Saturday, May 7, 2011

Pasta Twist Salad

When I was a starving student, I used to make cold pasta salad with mayonnaise for dinner all the time. It was an inexpensive, satisfying meal. Back in those days, there was little more to it than pasta, mayo, salt, and pepper (plus a little grated cheese if I was lucky). These days, I make a more elaborate version of cold pasta salad, loaded with goodies, that is a terrific addition to barbecue and summer picnic meals.


16 oz. spiral pasta (use rice pasta for the gluten-free version)
1 finely chopped red pepper
½ c. finely chopped onion or 1 tbsp. onion powder/granules
¾ c. finely chopped celery
½ c. sliced black olives
½ c. mayonnaise (more if desired)
½ tsp. black pepper
1 tsp. dill weed
1 tsp. paprika
salt to taste
1 c. grated parmesan or cheddar cheese on the side (optional)


Boil the pasta until it is done. When it is cooked, rinse it with cold water. Add the mayonnaise and the powdered herbs/spices.

Chop the vegetables into small pieces. Use fresh dill if possible. Add them to the pasta salad and toss the ingredients together so that they are thoroughly combined. Adjust the amount of mayo to suit your taste. This dish can be made vegan by using a vegan mayo.

The grated cheese makes a lovely addition as a topping if desired.

Eat well, be well, live deliciously!

Monday, May 2, 2011

Green Treat Sauté

Kale, collards, green beans, and red peppers – it doesn’t get much better than this for health or pleasure. My grandmother used to say “put butter and garlic on anything and it will taste delicious.” I expect she’s right. If you don’t do dairy, then olive oil can be substituted for the butter. Any way you choose to do this recipe, it really is a green treat.

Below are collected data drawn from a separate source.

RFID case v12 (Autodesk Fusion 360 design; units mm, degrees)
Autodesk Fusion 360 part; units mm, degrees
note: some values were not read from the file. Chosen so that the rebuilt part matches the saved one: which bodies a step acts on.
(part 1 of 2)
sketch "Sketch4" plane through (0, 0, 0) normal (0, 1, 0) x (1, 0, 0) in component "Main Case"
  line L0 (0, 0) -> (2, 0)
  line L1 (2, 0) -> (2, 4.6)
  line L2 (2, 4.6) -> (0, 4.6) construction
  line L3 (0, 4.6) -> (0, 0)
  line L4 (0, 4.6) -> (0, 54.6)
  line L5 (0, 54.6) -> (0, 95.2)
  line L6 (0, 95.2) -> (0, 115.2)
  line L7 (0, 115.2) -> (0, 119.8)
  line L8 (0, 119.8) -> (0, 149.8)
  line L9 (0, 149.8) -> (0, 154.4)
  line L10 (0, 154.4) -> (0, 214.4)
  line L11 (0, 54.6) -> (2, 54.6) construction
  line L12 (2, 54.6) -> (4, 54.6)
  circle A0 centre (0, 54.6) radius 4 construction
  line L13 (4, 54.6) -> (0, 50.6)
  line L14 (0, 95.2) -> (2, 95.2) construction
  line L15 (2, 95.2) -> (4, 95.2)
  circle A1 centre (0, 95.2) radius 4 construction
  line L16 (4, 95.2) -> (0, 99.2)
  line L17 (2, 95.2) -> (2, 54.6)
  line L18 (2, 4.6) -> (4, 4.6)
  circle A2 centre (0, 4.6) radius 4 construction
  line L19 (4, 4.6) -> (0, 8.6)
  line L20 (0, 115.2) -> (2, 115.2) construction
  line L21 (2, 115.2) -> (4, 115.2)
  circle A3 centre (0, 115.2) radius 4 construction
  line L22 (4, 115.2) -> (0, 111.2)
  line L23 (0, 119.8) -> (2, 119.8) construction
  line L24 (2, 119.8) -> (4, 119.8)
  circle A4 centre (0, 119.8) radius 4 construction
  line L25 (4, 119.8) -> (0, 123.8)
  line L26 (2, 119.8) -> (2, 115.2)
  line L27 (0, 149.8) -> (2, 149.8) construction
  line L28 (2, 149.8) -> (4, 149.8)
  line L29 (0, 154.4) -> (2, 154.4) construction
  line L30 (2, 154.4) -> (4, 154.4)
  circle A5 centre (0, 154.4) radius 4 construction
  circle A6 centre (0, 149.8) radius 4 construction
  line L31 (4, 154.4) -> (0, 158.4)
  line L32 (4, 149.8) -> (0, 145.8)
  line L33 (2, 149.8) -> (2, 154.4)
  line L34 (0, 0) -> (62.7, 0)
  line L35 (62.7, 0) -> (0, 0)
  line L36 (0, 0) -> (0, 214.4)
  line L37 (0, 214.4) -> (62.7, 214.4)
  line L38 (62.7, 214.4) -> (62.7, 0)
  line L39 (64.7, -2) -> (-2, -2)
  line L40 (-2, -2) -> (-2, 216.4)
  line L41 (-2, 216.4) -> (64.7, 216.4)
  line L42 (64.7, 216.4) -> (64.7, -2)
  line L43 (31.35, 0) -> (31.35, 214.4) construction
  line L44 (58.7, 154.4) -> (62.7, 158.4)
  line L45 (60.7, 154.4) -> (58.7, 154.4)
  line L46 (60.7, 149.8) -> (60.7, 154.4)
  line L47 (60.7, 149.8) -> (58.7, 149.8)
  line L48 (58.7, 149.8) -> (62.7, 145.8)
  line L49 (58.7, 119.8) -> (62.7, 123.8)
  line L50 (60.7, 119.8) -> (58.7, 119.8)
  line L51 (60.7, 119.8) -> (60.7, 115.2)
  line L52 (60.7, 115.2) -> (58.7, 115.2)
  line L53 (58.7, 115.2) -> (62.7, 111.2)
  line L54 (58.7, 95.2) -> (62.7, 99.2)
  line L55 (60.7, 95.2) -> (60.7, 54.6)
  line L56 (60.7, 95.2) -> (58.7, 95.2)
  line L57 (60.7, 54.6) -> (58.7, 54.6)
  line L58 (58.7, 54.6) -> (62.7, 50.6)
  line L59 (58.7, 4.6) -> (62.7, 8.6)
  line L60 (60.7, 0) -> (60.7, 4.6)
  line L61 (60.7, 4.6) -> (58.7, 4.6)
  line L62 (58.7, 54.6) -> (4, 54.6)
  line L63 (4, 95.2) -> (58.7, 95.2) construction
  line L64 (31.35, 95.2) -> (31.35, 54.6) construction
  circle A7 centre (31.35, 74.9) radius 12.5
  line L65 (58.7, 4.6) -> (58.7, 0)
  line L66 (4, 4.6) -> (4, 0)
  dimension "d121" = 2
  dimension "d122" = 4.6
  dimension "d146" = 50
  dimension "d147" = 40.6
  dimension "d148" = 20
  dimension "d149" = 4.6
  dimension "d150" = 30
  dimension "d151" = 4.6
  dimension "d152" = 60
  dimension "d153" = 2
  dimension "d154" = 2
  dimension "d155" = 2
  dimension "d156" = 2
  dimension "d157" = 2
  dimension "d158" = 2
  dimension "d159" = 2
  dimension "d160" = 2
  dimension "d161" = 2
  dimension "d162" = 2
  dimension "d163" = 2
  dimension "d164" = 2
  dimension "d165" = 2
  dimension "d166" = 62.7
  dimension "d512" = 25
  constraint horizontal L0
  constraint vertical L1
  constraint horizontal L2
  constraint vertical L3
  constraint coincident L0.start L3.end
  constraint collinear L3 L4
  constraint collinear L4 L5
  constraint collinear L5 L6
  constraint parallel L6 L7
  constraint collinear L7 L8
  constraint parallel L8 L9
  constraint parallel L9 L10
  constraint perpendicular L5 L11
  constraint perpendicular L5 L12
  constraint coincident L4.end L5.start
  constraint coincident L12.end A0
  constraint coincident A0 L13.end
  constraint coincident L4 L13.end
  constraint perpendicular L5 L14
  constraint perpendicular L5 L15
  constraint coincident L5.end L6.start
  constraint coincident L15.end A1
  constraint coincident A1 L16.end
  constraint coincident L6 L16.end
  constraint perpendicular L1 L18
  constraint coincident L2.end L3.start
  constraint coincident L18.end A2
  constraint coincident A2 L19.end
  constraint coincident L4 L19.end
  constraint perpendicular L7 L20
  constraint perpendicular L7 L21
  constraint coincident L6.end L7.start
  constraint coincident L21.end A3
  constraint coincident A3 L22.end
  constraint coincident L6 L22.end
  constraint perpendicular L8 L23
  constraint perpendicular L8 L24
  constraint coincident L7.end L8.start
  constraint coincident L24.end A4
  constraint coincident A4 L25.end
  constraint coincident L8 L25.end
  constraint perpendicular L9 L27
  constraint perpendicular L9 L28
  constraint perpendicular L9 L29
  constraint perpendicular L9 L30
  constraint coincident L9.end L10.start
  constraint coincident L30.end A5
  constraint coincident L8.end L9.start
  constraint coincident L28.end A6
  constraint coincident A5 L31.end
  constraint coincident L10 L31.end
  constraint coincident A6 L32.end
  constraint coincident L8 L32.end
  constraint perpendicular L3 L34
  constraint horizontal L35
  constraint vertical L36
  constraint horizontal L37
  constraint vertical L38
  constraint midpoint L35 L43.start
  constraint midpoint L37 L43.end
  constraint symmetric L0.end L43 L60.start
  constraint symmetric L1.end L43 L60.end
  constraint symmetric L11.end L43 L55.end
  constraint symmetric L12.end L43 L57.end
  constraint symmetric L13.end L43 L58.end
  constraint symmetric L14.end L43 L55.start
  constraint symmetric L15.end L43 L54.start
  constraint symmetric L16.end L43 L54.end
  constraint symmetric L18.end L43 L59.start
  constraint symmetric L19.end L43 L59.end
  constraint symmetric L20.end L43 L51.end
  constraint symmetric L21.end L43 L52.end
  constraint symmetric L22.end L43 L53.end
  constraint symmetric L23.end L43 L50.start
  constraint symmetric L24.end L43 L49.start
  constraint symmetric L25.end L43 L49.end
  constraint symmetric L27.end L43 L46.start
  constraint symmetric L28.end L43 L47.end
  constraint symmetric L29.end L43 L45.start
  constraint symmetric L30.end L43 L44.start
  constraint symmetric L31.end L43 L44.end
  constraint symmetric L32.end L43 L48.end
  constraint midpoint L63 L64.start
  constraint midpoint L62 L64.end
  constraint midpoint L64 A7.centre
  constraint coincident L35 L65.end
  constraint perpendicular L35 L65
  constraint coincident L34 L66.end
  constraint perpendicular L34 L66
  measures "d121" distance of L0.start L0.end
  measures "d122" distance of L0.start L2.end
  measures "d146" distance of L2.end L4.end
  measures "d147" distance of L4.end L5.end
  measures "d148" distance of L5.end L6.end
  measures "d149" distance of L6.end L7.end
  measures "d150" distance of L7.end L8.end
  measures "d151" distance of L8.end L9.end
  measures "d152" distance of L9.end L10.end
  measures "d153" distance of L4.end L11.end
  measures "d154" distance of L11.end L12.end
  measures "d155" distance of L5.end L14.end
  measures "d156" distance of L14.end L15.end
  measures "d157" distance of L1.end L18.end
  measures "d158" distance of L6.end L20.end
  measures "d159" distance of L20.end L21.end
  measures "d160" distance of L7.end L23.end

1 bunch of collard greens (see below for preparation instructions)
1 bunch of kale (see below for preparation instructions)
1 lb. green beans
½ red pepper
2-3 tbsp. butter or olive oil
2 crushed cloves of garlic
1 tbsp. lemon juice
Black pepper and salt to taste


Fill a pot with enough water to amply cover the collards once they are chopped and bring the water to a boil.

Remove the central stem from the collards. Place 4-6 leaves on top of each other and roll them up width-wise into a tight tube, then slice them into thin strips. Follow this pattern with all the collards until they are all cut into thin shreds. When the water comes to a boil, simmer the collards, uncovered, for 6 minutes. After the collards have cooked for 6 minutes, toss them in a colander and rinse them with cold water to instantly stop them from cooking any further.

Remove the central stem from the kale. Place 4-6 leaves on top of each other and roll them up width-wise into a tight tube, then slice them into thin strips. Follow this pattern with all the kale until it is cut into thin shreds.

Snap the ends off the green beans and chop them into short lengths less than an inch long. Chop the half a red pepper into small bits.

Put the oil/butter into a deep dish frying pan and bring it to a high heat, then turn it back to medium and place the crushed garlic, red pepper, and kale in the pan. Sauté the vegetables, turning gently, for 2-3 minutes (until the red peppers soften). Add the collards and the lemon juice and mix to combine the veggies. Continue to sauté for another couple of minutes, until the collards warm back up. Add pepper and salt to taste. This dish is best if served immediately. It is an excellent companion dish to pasta, rice, and/or beans.

Eat well, be well, live deliciously!